##### Provided material

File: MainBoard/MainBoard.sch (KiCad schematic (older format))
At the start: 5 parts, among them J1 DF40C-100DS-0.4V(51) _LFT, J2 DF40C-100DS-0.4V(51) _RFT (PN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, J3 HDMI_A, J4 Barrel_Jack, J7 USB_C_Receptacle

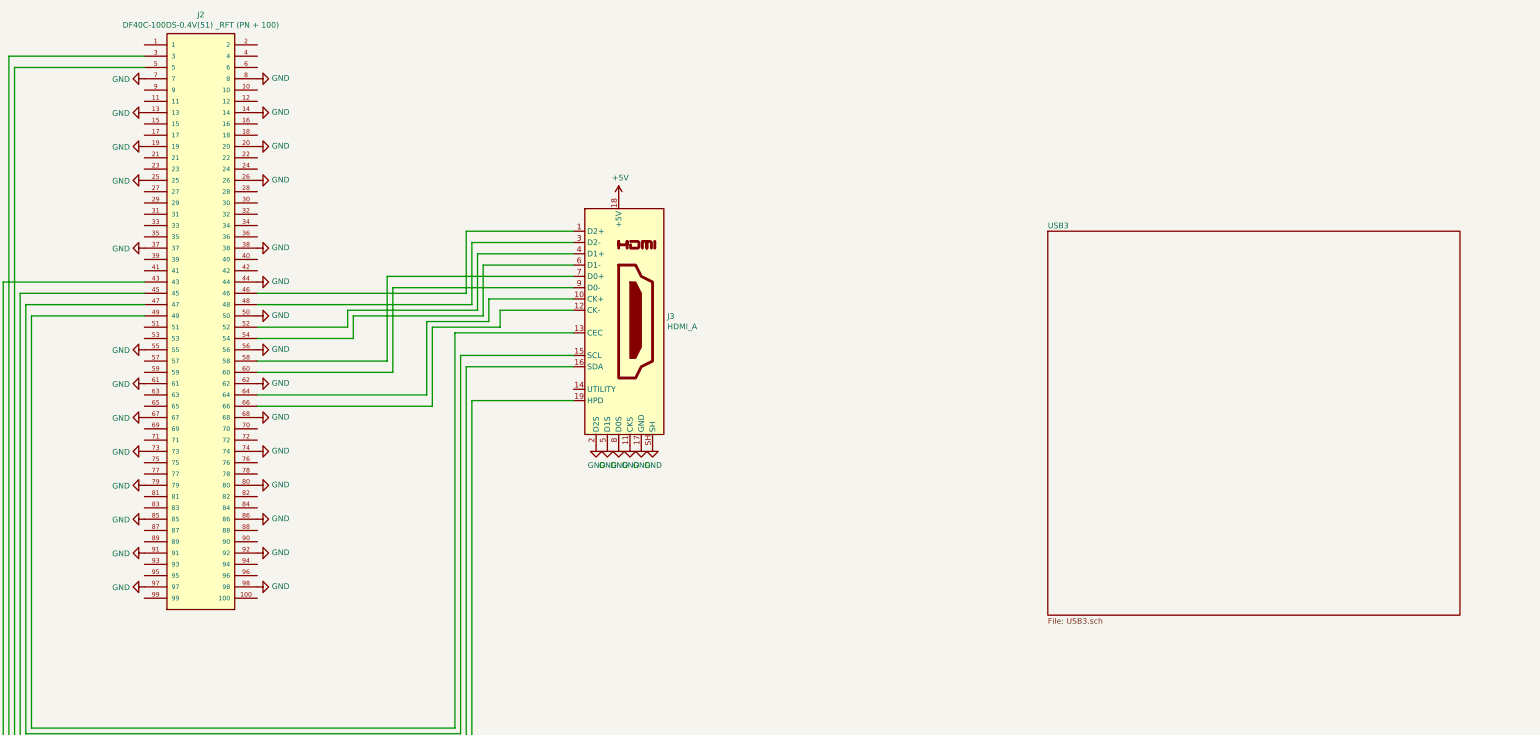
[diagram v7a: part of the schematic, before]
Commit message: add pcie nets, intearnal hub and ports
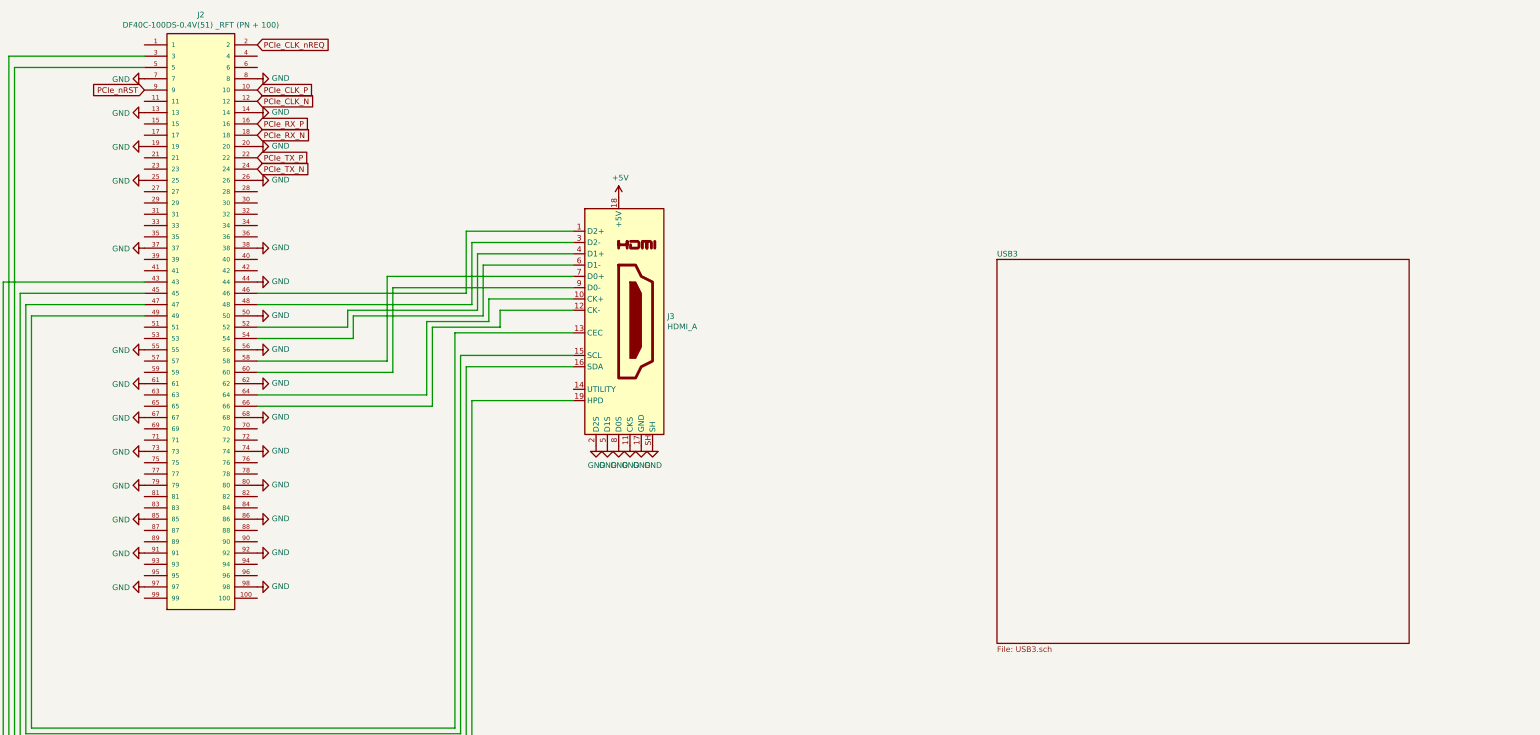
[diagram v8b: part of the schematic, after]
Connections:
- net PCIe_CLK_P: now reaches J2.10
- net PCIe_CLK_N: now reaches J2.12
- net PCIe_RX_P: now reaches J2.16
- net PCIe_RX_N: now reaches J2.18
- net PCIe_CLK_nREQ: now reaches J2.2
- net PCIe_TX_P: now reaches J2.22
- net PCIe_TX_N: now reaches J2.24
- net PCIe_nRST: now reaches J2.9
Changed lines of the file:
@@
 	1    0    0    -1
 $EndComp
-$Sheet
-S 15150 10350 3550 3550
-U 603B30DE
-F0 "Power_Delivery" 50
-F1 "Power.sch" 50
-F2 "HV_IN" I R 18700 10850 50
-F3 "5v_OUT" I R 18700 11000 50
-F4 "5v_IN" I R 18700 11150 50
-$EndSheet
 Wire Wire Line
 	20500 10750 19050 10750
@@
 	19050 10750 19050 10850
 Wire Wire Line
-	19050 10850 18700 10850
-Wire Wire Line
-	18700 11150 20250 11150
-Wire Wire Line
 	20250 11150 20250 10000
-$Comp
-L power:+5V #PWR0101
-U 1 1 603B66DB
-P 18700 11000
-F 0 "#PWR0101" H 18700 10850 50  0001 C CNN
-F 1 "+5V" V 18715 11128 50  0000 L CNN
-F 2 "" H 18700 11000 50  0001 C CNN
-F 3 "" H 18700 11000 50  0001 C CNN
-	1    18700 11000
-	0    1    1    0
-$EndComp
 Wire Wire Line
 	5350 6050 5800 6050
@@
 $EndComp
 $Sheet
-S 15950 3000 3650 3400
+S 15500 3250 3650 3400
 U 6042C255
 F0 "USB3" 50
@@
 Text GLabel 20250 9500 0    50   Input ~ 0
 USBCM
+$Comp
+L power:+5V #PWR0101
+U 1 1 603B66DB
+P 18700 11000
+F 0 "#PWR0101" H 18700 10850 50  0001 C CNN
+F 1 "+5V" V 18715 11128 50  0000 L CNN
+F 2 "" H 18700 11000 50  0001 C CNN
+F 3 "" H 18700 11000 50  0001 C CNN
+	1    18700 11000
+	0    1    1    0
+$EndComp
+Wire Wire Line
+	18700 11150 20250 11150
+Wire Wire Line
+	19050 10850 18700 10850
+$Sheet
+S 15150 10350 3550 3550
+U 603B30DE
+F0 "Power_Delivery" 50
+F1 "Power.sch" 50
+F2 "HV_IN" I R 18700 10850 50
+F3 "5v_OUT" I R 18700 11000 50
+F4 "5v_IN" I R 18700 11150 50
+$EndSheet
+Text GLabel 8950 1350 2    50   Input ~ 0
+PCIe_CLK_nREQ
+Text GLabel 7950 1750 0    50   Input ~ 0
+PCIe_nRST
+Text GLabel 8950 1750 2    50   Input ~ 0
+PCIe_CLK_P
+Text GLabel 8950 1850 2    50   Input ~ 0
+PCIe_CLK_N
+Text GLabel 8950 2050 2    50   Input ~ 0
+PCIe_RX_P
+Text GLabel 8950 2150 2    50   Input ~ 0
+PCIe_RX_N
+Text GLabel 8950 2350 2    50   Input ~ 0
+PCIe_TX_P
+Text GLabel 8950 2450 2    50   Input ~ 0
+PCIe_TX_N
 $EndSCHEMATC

##########

== Work required ==
Leaving the pictures out, write out every entry exactly.

== Answer box ==
File: MainBoard/MainBoard.sch (KiCad schematic (older format))
At the start: 5 parts, among them J1 DF40C-100DS-0.4V(51) _LFT, J2 DF40C-100DS-0.4V(51) _RFT (PN, J3 HDMI_A, J4 Barrel_Jack, J7 USB_C_Receptacle

[diagram v7a: part of the schematic, before]
Commit message: add pcie nets, intearnal hub and ports
[diagram v8b: part of the schematic, after]
Connections:
- net PCIe_CLK_P: now reaches J2.10
- net PCIe_CLK_N: now reaches J2.12
- net PCIe_RX_P: now reaches J2.16
- net PCIe_RX_N: now reaches J2.18
- net PCIe_CLK_nREQ: now reaches J2.2
- net PCIe_TX_P: now reaches J2.22
- net PCIe_TX_N: now reaches J2.24
- net PCIe_nRST: now reaches J2.9
Changed lines of the file:
@@
 	1    0    0    -1
 $EndComp
-$Sheet
-S 15150 10350 3550 3550
-U 603B30DE
-F0 "Power_Delivery" 50
-F1 "Power.sch" 50
-F2 "HV_IN" I R 18700 10850 50
-F3 "5v_OUT" I R 18700 11000 50
-F4 "5v_IN" I R 18700 11150 50
-$EndSheet
 Wire Wire Line
 	20500 10750 19050 10750
@@
 	19050 10750 19050 10850
 Wire Wire Line
-	19050 10850 18700 10850
-Wire Wire Line
-	18700 11150 20250 11150
-Wire Wire Line
 	20250 11150 20250 10000
-$Comp
-L power:+5V #PWR0101
-U 1 1 603B66DB
-P 18700 11000
-F 0 "#PWR0101" H 18700 10850 50  0001 C CNN
-F 1 "+5V" V 18715 11128 50  0000 L CNN
-F 2 "" H 18700 11000 50  0001 C CNN
-F 3 "" H 18700 11000 50  0001 C CNN
-	1    18700 11000
-	0    1    1    0
-$EndComp
 Wire Wire Line
 	5350 6050 5800 6050
@@
 $EndComp
 $Sheet
-S 15950 3000 3650 3400
+S 15500 3250 3650 3400
 U 6042C255
 F0 "USB3" 50
@@
 Text GLabel 20250 9500 0    50   Input ~ 0
 USBCM
+$Comp
+L power:+5V #PWR0101
+U 1 1 603B66DB
+P 18700 11000
+F 0 "#PWR0101" H 18700 10850 50  0001 C CNN
+F 1 "+5V" V 18715 11128 50  0000 L CNN
+F 2 "" H 18700 11000 50  0001 C CNN
+F 3 "" H 18700 11000 50  0001 C CNN
+	1    18700 11000
+	0    1    1    0
+$EndComp
+Wire Wire Line
+	18700 11150 20250 11150
+Wire Wire Line
+	19050 10850 18700 10850
+$Sheet
+S 15150 10350 3550 3550
+U 603B30DE
+F0 "Power_Delivery" 50
+F1 "Power.sch" 50
+F2 "HV_IN" I R 18700 10850 50
+F3 "5v_OUT" I R 18700 11000 50
+F4 "5v_IN" I R 18700 11150 50
+$EndSheet
+Text GLabel 8950 1350 2    50   Input ~ 0
+PCIe_CLK_nREQ
+Text GLabel 7950 1750 0    50   Input ~ 0
+PCIe_nRST
+Text GLabel 8950 1750 2    50   Input ~ 0
+PCIe_CLK_P
+Text GLabel 8950 1850 2    50   Input ~ 0
+PCIe_CLK_N
+Text GLabel 8950 2050 2    50   Input ~ 0
+PCIe_RX_P
+Text GLabel 8950 2150 2    50   Input ~ 0
+PCIe_RX_N
+Text GLabel 8950 2350 2    50   Input ~ 0
+PCIe_TX_P
+Text GLabel 8950 2450 2    50   Input ~ 0
+PCIe_TX_N
 $EndSCHEMATC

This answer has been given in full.